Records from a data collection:
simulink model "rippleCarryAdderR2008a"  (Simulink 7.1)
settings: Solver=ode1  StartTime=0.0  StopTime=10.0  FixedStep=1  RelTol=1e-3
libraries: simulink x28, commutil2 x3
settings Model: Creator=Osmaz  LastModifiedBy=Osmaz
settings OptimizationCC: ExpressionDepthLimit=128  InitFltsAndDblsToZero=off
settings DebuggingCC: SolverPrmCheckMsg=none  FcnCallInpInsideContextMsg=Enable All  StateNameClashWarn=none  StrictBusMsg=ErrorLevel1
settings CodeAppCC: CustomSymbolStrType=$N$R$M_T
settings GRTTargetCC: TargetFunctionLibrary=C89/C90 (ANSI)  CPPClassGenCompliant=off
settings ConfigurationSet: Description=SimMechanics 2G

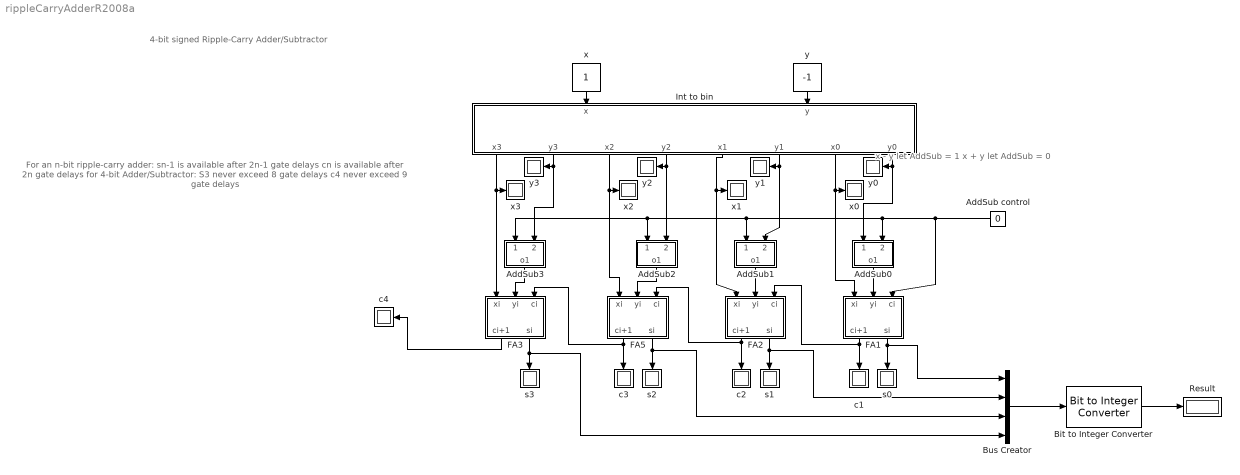
== system rippleCarryAdderR2008a ==
  note: For an n-bit ripple-carry adder:
      | sn-1 is available after 2n-1 gate delays
      | cn is available after 2n gate delays
      |
      | for 4-bit Adder/Subtractor:
      | S3 never exceed  8 gate delays
      | c4 never exceed 9 gate delays
  note: 4-bit signed Ripple-Carry Adder/Subtractor
  note: x - y let AddSub = 1
      | x + y let AddSub = 0
  AddSub control : Constant  Orientation=left  Value=0  OutMin=0  OutMax=1  OutDataTypeStr=boolean  OutDataTypeMode=boolean
  AddSub0 : Subsystem  Orientation=down
  AddSub1 : Subsystem  Orientation=down
  AddSub2 : Subsystem  Orientation=down
  AddSub3 : Subsystem  Orientation=down
  Bit to Integer Converter : commutil2/Bit to Integer Converter  nbits=4  bitOrder=LSB first  signedOutputValues=Signed  outDtype=Inherit via internal rule  outDtypeSigned=Inherit via internal rule
  Bus Creator : BusCreator
  FA1 : Subsystem  Orientation=down
  FA2 : Subsystem  Orientation=down
  FA3 : Subsystem  Orientation=down
  FA5 : Subsystem  Orientation=down
  Int to bin : Subsystem  Orientation=down
  Result : Display
  c{1..4} (4 alike) : Display
      c1 settings: Orientation=down
      c2 settings: Orientation=down
      c3 settings: Orientation=down
  s{0..3} (4 alike) : Display
      settings: Orientation=down
  x : Constant  Orientation=down  OutMin=-8  OutMax=7  OutDataTypeStr=int8  SampleTime=1  OutDataTypeMode=int8
  x{0..3} (4 alike) : Display
  y : Constant  Orientation=down  Value=-1  OutMin=-8  OutMax=7  OutDataTypeStr=int8  SampleTime=1  OutDataTypeMode=int8
  y{0..3} (4 alike) : Display
  wires:
  Int to bin/7(x0) -> x0/1, FA1/1(xi)
  AddSub control/1 -> FA1/3(ci), AddSub1/1(1), AddSub3/1(1), AddSub2/1(1), AddSub0/2(2)
  FA1/2(si) -> s0/1, Bus Creator/1
  Int to bin/5(x1) -> FA2/1(xi), x1/1
  FA2/2(si) -> Bus Creator/2, s1/1
  FA1/1(ci+1) -> FA2/3(ci), c1/1
  Int to bin/3(x2) -> FA5/1(xi), x2/1
  FA5/2(si) -> s2/1, Bus Creator/3
  FA2/1(ci+1) -> FA5/3(ci), c2/1
  Int to bin/1(x3) -> x3/1, FA3/1(xi)
  FA3/2(si) -> s3/1, Bus Creator/4
  FA5/1(ci+1) -> FA3/3(ci), c3/1
  FA3/1(ci+1) -> c4/1
  Bit to Integer Converter/1 -> Result/1
  Bus Creator/1 -> Bit to Integer Converter/1
  x/1 -> Int to bin/1(x)
  y/1 -> Int to bin/2(y)
  Int to bin/8(y0) -> AddSub0/1(1), y0/1
  Int to bin/6(y1) -> AddSub1/2(2), y1/1
  Int to bin/4(y2) -> y2/1, AddSub2/2(2)
  Int to bin/2(y3) -> AddSub3/2(2), y3/1
  AddSub1/1(o1) -> FA2/2(yi)
  AddSub2/1(o1) -> FA5/2(yi)
  AddSub3/1(o1) -> FA3/2(yi)
  AddSub0/1(o1) -> FA1/2(yi)

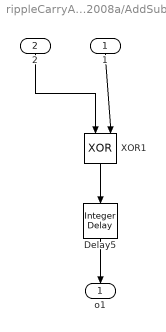
== system rippleCarryAdderR2008a/AddSub0 ==
  1 : Inport  Orientation=down
  2 : Inport  Orientation=down  Port=2
  Delay5 : simulink/Discrete/Integer Delay  Orientation=down  NumDelays=1  vinit=0  samptime=-1
  XOR1 : Logic  Orientation=down  Operator=XOR  IconShape=distinctive  AllPortsSameDT=off  OutDataTypeStr=boolean  OutDataTypeMode=boolean
  o1 : Outport  Orientation=down
  wires:
  1/1 -> XOR1/2
  2/1 -> XOR1/1
  XOR1/1 -> Delay5/1
  Delay5/1 -> o1/1

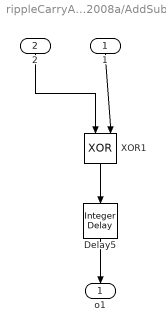
== system rippleCarryAdderR2008a/AddSub1 ==
  1 : Inport  Orientation=down
  2 : Inport  Orientation=down  Port=2
  Delay5 : simulink/Discrete/Integer Delay  Orientation=down  NumDelays=1  vinit=0  samptime=-1
  XOR1 : Logic  Orientation=down  Operator=XOR  IconShape=distinctive  AllPortsSameDT=off  OutDataTypeStr=boolean  OutDataTypeMode=boolean
  o1 : Outport  Orientation=down
  wires:
  1/1 -> XOR1/2
  2/1 -> XOR1/1
  XOR1/1 -> Delay5/1
  Delay5/1 -> o1/1

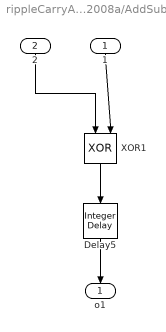
== system rippleCarryAdderR2008a/AddSub2 ==
  1 : Inport  Orientation=down
  2 : Inport  Orientation=down  Port=2
  Delay5 : simulink/Discrete/Integer Delay  Orientation=down  NumDelays=1  vinit=0  samptime=-1
  XOR1 : Logic  Orientation=down  Operator=XOR  IconShape=distinctive  AllPortsSameDT=off  OutDataTypeStr=boolean  OutDataTypeMode=boolean
  o1 : Outport  Orientation=down
  wires:
  1/1 -> XOR1/2
  2/1 -> XOR1/1
  XOR1/1 -> Delay5/1
  Delay5/1 -> o1/1

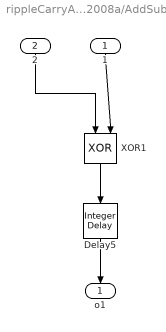
== system rippleCarryAdderR2008a/AddSub3 ==
  1 : Inport  Orientation=down
  2 : Inport  Orientation=down  Port=2
  Delay5 : simulink/Discrete/Integer Delay  Orientation=down  NumDelays=1  vinit=0  samptime=-1
  XOR1 : Logic  Orientation=down  Operator=XOR  IconShape=distinctive  AllPortsSameDT=off  OutDataTypeStr=boolean  OutDataTypeMode=boolean
  o1 : Outport  Orientation=down
  wires:
  1/1 -> XOR1/2
  2/1 -> XOR1/1
  XOR1/1 -> Delay5/1
  Delay5/1 -> o1/1

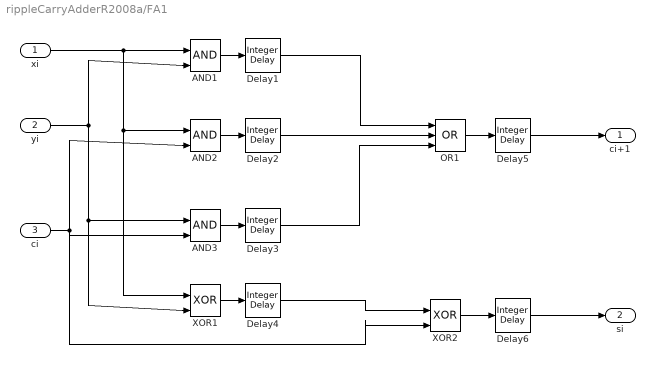
== system rippleCarryAdderR2008a/FA1 ==
  xi : Inport
  yi : Inport  Port=2
  ci : Inport  Port=3
  AND1 : Logic  IconShape=distinctive  AllPortsSameDT=off  OutDataTypeStr=boolean  OutDataTypeMode=boolean
  AND2 : Logic  IconShape=distinctive  AllPortsSameDT=off  OutDataTypeStr=boolean  OutDataTypeMode=boolean
  AND3 : Logic  IconShape=distinctive  AllPortsSameDT=off  OutDataTypeStr=boolean  OutDataTypeMode=boolean
  Delay{1..6} (6 alike) : simulink/Discrete/Integer Delay  NumDelays=1  vinit=0  samptime=-1
  OR1 : Logic  Operator=OR  Inputs=3  IconShape=distinctive  AllPortsSameDT=off  OutDataTypeStr=boolean  OutDataTypeMode=boolean
  XOR1 : Logic  Operator=XOR  IconShape=distinctive  AllPortsSameDT=off  OutDataTypeStr=boolean  OutDataTypeMode=boolean
  XOR2 : Logic  Operator=XOR  IconShape=distinctive  AllPortsSameDT=off  OutDataTypeStr=boolean  OutDataTypeMode=boolean
  ci+1 : Outport
  si : Outport  Port=2
  wires:
  Delay1/1 -> OR1/1
  AND1/1 -> Delay1/1
  yi/1 -> AND1/2, XOR1/2, AND3/1
  xi/1 -> AND1/1, XOR1/1, AND2/1
  AND2/1 -> Delay2/1
  Delay2/1 -> OR1/2
  AND3/1 -> Delay3/1
  Delay3/1 -> OR1/3
  ci/1 -> XOR2/2, AND2/2, AND3/2
  OR1/1 -> Delay5/1
  Delay5/1 -> ci+1/1
  Delay6/1 -> si/1
  XOR1/1 -> Delay4/1
  Delay4/1 -> XOR2/1
  XOR2/1 -> Delay6/1

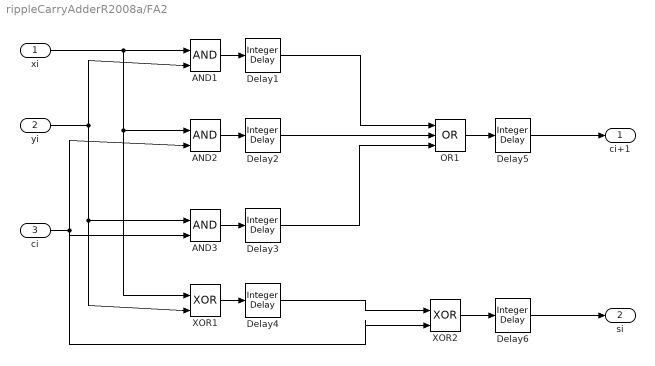
== system rippleCarryAdderR2008a/FA2 ==
  xi : Inport
  yi : Inport  Port=2
  ci : Inport  Port=3
  AND1 : Logic  IconShape=distinctive  AllPortsSameDT=off  OutDataTypeStr=boolean  OutDataTypeMode=boolean
  AND2 : Logic  IconShape=distinctive  AllPortsSameDT=off  OutDataTypeStr=boolean  OutDataTypeMode=boolean
  AND3 : Logic  IconShape=distinctive  AllPortsSameDT=off  OutDataTypeStr=boolean  OutDataTypeMode=boolean
  Delay{1..6} (6 alike) : simulink/Discrete/Integer Delay  NumDelays=1  vinit=0  samptime=-1
  OR1 : Logic  Operator=OR  Inputs=3  IconShape=distinctive  AllPortsSameDT=off  OutDataTypeStr=boolean  OutDataTypeMode=boolean
  XOR1 : Logic  Operator=XOR  IconShape=distinctive  AllPortsSameDT=off  OutDataTypeStr=boolean  OutDataTypeMode=boolean
  XOR2 : Logic  Operator=XOR  IconShape=distinctive  AllPortsSameDT=off  OutDataTypeStr=boolean  OutDataTypeMode=boolean
  ci+1 : Outport
  si : Outport  Port=2
  wires:
  Delay1/1 -> OR1/1
  AND1/1 -> Delay1/1
  yi/1 -> AND1/2, XOR1/2, AND3/1
  xi/1 -> AND1/1, XOR1/1, AND2/1
  AND2/1 -> Delay2/1
  Delay2/1 -> OR1/2
  AND3/1 -> Delay3/1
  Delay3/1 -> OR1/3
  ci/1 -> XOR2/2, AND2/2, AND3/2
  OR1/1 -> Delay5/1
  Delay5/1 -> ci+1/1
  Delay6/1 -> si/1
  XOR1/1 -> Delay4/1
  Delay4/1 -> XOR2/1
  XOR2/1 -> Delay6/1

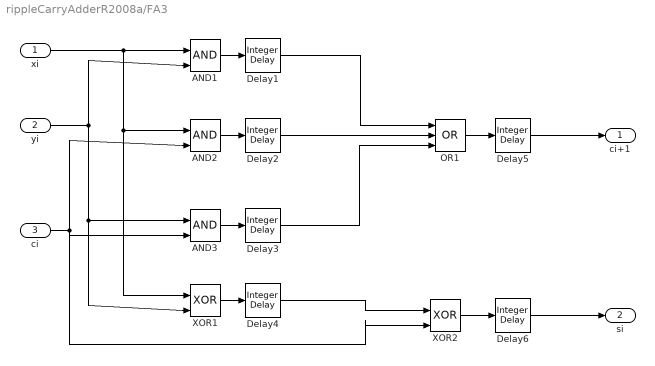
== system rippleCarryAdderR2008a/FA3 ==
  xi : Inport
  yi : Inport  Port=2
  ci : Inport  Port=3
  AND1 : Logic  IconShape=distinctive  AllPortsSameDT=off  OutDataTypeStr=boolean  OutDataTypeMode=boolean
  AND2 : Logic  IconShape=distinctive  AllPortsSameDT=off  OutDataTypeStr=boolean  OutDataTypeMode=boolean
  AND3 : Logic  IconShape=distinctive  AllPortsSameDT=off  OutDataTypeStr=boolean  OutDataTypeMode=boolean
  Delay{1..6} (6 alike) : simulink/Discrete/Integer Delay  NumDelays=1  vinit=0  samptime=-1
  OR1 : Logic  Operator=OR  Inputs=3  IconShape=distinctive  AllPortsSameDT=off  OutDataTypeStr=boolean  OutDataTypeMode=boolean
  XOR1 : Logic  Operator=XOR  IconShape=distinctive  AllPortsSameDT=off  OutDataTypeStr=boolean  OutDataTypeMode=boolean
  XOR2 : Logic  Operator=XOR  IconShape=distinctive  AllPortsSameDT=off  OutDataTypeStr=boolean  OutDataTypeMode=boolean
  ci+1 : Outport
  si : Outport  Port=2
  wires:
  Delay1/1 -> OR1/1
  AND1/1 -> Delay1/1
  yi/1 -> AND1/2, XOR1/2, AND3/1
  xi/1 -> AND1/1, XOR1/1, AND2/1
  AND2/1 -> Delay2/1
  Delay2/1 -> OR1/2
  AND3/1 -> Delay3/1
  Delay3/1 -> OR1/3
  ci/1 -> XOR2/2, AND2/2, AND3/2
  OR1/1 -> Delay5/1
  Delay5/1 -> ci+1/1
  Delay6/1 -> si/1
  XOR1/1 -> Delay4/1
  Delay4/1 -> XOR2/1
  XOR2/1 -> Delay6/1

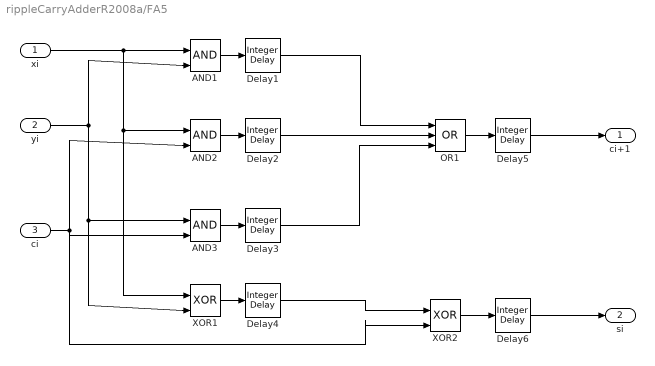
== system rippleCarryAdderR2008a/FA5 ==
  xi : Inport
  yi : Inport  Port=2
  ci : Inport  Port=3
  AND1 : Logic  IconShape=distinctive  AllPortsSameDT=off  OutDataTypeStr=boolean  OutDataTypeMode=boolean
  AND2 : Logic  IconShape=distinctive  AllPortsSameDT=off  OutDataTypeStr=boolean  OutDataTypeMode=boolean
  AND3 : Logic  IconShape=distinctive  AllPortsSameDT=off  OutDataTypeStr=boolean  OutDataTypeMode=boolean
  Delay{1..6} (6 alike) : simulink/Discrete/Integer Delay  NumDelays=1  vinit=0  samptime=-1
  OR1 : Logic  Operator=OR  Inputs=3  IconShape=distinctive  AllPortsSameDT=off  OutDataTypeStr=boolean  OutDataTypeMode=boolean
  XOR1 : Logic  Operator=XOR  IconShape=distinctive  AllPortsSameDT=off  OutDataTypeStr=boolean  OutDataTypeMode=boolean
  XOR2 : Logic  Operator=XOR  IconShape=distinctive  AllPortsSameDT=off  OutDataTypeStr=boolean  OutDataTypeMode=boolean
  ci+1 : Outport
  si : Outport  Port=2
  wires:
  Delay1/1 -> OR1/1
  AND1/1 -> Delay1/1
  yi/1 -> AND1/2, XOR1/2, AND3/1
  xi/1 -> AND1/1, XOR1/1, AND2/1
  AND2/1 -> Delay2/1
  Delay2/1 -> OR1/2
  AND3/1 -> Delay3/1
  Delay3/1 -> OR1/3
  ci/1 -> XOR2/2, AND2/2, AND3/2
  OR1/1 -> Delay5/1
  Delay5/1 -> ci+1/1
  Delay6/1 -> si/1
  XOR1/1 -> Delay4/1
  Delay4/1 -> XOR2/1
  XOR2/1 -> Delay6/1

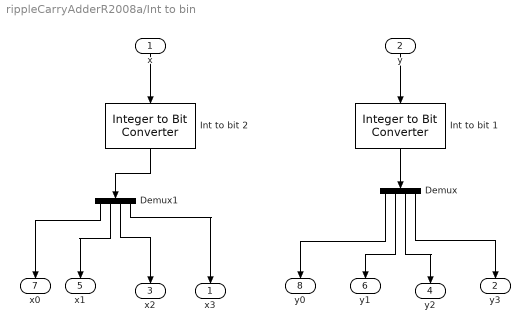
== system rippleCarryAdderR2008a/Int to bin ==
  x : Inport  Orientation=down
  y : Inport  Orientation=down  Port=2
  Demux : Demux  Orientation=down
  Demux1 : Demux  Orientation=down
  Int to bit 1 : commutil2/Integer to Bit Converter  Orientation=down  nbits=4  signedInputValues=Signed  bitOrder=LSB first  outDtype=Inherit via internal rule
  Int to bit 2 : commutil2/Integer to Bit Converter  Orientation=down  nbits=4  signedInputValues=Signed  bitOrder=LSB first  outDtype=Inherit via internal rule
  x3 : Outport  Orientation=down
  y3 : Outport  Orientation=down  Port=2
  x2 : Outport  Orientation=down  Port=3
  y2 : Outport  Orientation=down  Port=4
  x1 : Outport  Orientation=down  Port=5
  y1 : Outport  Orientation=down  Port=6
  x0 : Outport  Orientation=down  Port=7
  y0 : Outport  Orientation=down  Port=8
  wires:
  Demux1/1 -> x0/1
  Demux/2 -> y1/1
  Demux1/2 -> x1/1
  Demux/1 -> y0/1
  y/1 -> Int to bit 1/1
  Int to bit 1/1 -> Demux/1
  x/1 -> Int to bit 2/1
  Demux1/3 -> x2/1
  Demux1/4 -> x3/1
  Demux/3 -> y2/1
  Int to bit 2/1 -> Demux1/1
  Demux/4 -> y3/1

Aim of the task: Begin with the line that contains "Demux1/1 -> x0/1" and set down each line exactly until the records above end, including the final line.

Response to the exercise:
  Demux1/1 -> x0/1
  Demux/2 -> y1/1
  Demux1/2 -> x1/1
  Demux/1 -> y0/1
  y/1 -> Int to bit 1/1
  Int to bit 1/1 -> Demux/1
  x/1 -> Int to bit 2/1
  Demux1/3 -> x2/1
  Demux1/4 -> x3/1
  Demux/3 -> y2/1
  Int to bit 2/1 -> Demux1/1
  Demux/4 -> y3/1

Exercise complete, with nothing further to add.